Today most of our research about bullying concentrates on boys. Yet a growing problem in our society is girls who bully. Because bullying in the past was defined by physical violence, we are less aware of the bullying tactics of girls, which can appear covert. As a human behavior expert and educator with an Ed.D. and a Ph.D. in Psychology, who has researched this subject since the 1980s, I’ve noticed that since girls’ socialization is less physical than boys’, their bullying is more cerebral. Girls are all about relationships and bonding. They connect to one another through shared feelings, whether good or bad, with much more ease than boys.
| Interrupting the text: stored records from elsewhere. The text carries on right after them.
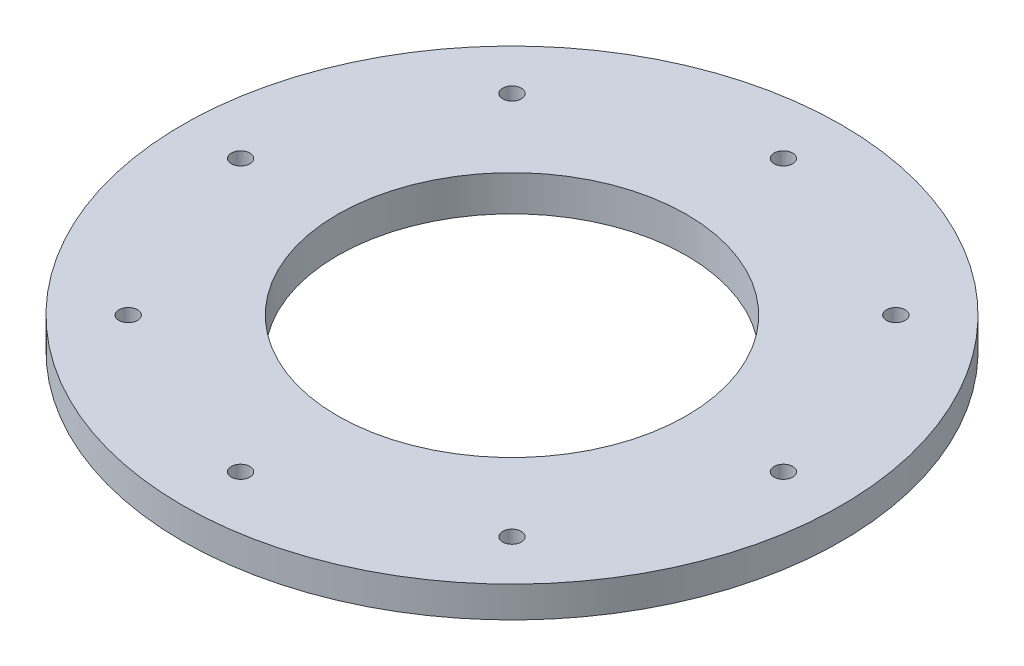
from build123d import *

# Parameters (mm, degrees)
SKETCH1_R           = 40
BOSS_EXTRUDE1_DEPTH = 0.6
SKETCH2_R           = 42.5
BOSS_EXTRUDE2_DEPTH = 4
SKETCH3_R           = 22.5
CUT_EXTRUDE1_DEPTH  = 61.279847379
SKETCH4_R           = 1.2
CUT_EXTRUDE4_DEPTH  = 61.279847379


with BuildPart() as part:
    # Sketch1 → Boss-Extrude1 (new body)
    with BuildSketch(Plane(origin=(0, 0, 0), x_dir=(1, 0, 0), z_dir=(0, 1, 0))):
        with Locations(Location((0, 0, 0), (0, 0, 270))):
            Circle(SKETCH1_R)
    extrude(amount=BOSS_EXTRUDE1_DEPTH)

    # Sketch2 → Boss-Extrude2 (add)
    with BuildSketch(Plane(origin=(0, 0.6, 0), x_dir=(1, 0, 0), z_dir=(0, 1, 0))):
        with Locations(Location((0, 0, 0), (0, 0, 270))):
            Circle(SKETCH2_R)
    extrude(amount=BOSS_EXTRUDE2_DEPTH)

    # Sketch3 → Cut-Extrude1 (cut, through all)
    with BuildSketch(Plane.XZ):
        with Locations(Location((0, 0, 0), (0, 0, 270))):
            Circle(SKETCH3_R)
    extrude(amount=-CUT_EXTRUDE1_DEPTH, mode=Mode.SUBTRACT)

    # Sketch4 → Cut-Extrude4 (cut, through all)
    with BuildSketch(Plane.XZ):
        with Locations(Location((0, 35, 0), (0, 0, 270))):
            Circle(SKETCH4_R)
        with Locations(Location((24.748737342, 24.748737342, 0), (0, 0, 270))):
            Circle(SKETCH4_R)
        with Locations(Location((35, 0, 0), (0, 0, 270))):
            Circle(SKETCH4_R)
        with Locations(Location((24.748737342, -24.748737342, 0), (0, 0, 270))):
            Circle(SKETCH4_R)
        with Locations(Location((0, -35, 0), (0, 0, 270))):
            Circle(SKETCH4_R)
        with Locations(Location((-24.748737342, -24.748737342, 0), (0, 0, 270))):
            Circle(SKETCH4_R)
        with Locations(Location((-35, 0, 0), (0, 0, 270))):
            Circle(SKETCH4_R)
        with Locations(Location((-24.748737342, 24.748737342, 0), (0, 0, 270))):
            Circle(SKETCH4_R)
    extrude(amount=-CUT_EXTRUDE4_DEPTH, mode=Mode.SUBTRACT)


solid = part.part
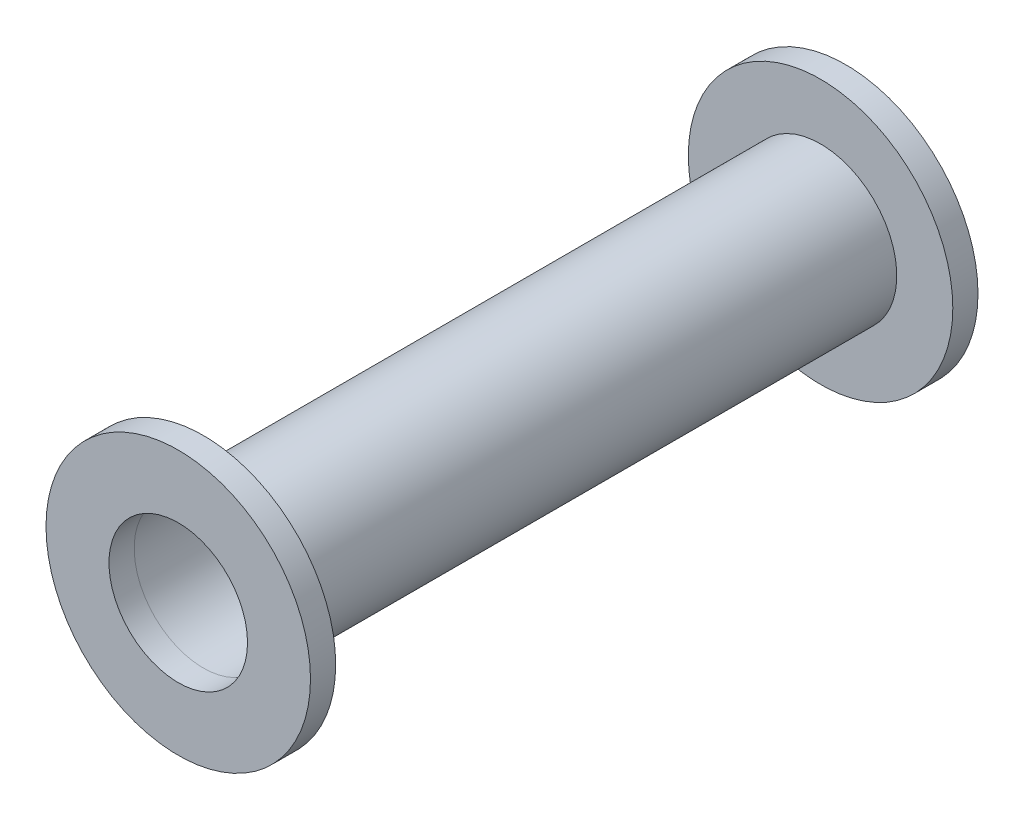
from build123d import *

# Parameters (mm, degrees)
SKETCH1_R      = 6.05
SKETCH1_R_2    = 5.55
EXTRUDE1_DEPTH = 49
SKETCH2_R      = 10.5
SKETCH2_R_2    = 5.5
EXTRUDE3_DEPTH = 2
EXTRUDE4_START = 2
SKETCH3_R      = 10.5
SKETCH3_R_2    = 5.5
EXTRUDE4_DEPTH = 2


with BuildPart() as part:
    # Sketch1 → Extrude1 (new body)
    with BuildSketch(Plane.XY):
        Circle(SKETCH1_R)
        Circle(SKETCH1_R_2, mode=Mode.SUBTRACT)
    extrude(amount=EXTRUDE1_DEPTH)

    # Sketch2 → Extrude3 (add)
    with BuildSketch(Plane.XY.offset(49)):
        Circle(SKETCH2_R)
        Circle(SKETCH2_R_2, mode=Mode.SUBTRACT)
    extrude(amount=EXTRUDE3_DEPTH)

    # Sketch3 → Extrude4 (add)
    with BuildSketch(Plane(origin=(0, 0, 0), x_dir=(-1, 0, 0), z_dir=(0, 0, -1)).offset(EXTRUDE4_START)):
        with Locations(Location((0, 0, 0), (0, 0, 180))):
            Circle(SKETCH3_R)
        with Locations(Location((0, 0, 0), (0, 0, 180))):
            Circle(SKETCH3_R_2, mode=Mode.SUBTRACT)
    extrude(amount=-EXTRUDE4_DEPTH)


solid = part.part

Therefore, their bullying takes on a different texture and has more to do with the intimacy of peer group socialization.

Girls Who Bully

As in all areas psychological, bullying is just an exaggeration of socially acceptable behavior. The profile of the female bully is varied. Often she is someone who is bullied or abused at home and, feeling out of control, imposes her will over others, modeling the behavior of her own family network. However, sometimes the girl who bullies is just into power, domination, and attention, and isn’t modeling familial patterns at all.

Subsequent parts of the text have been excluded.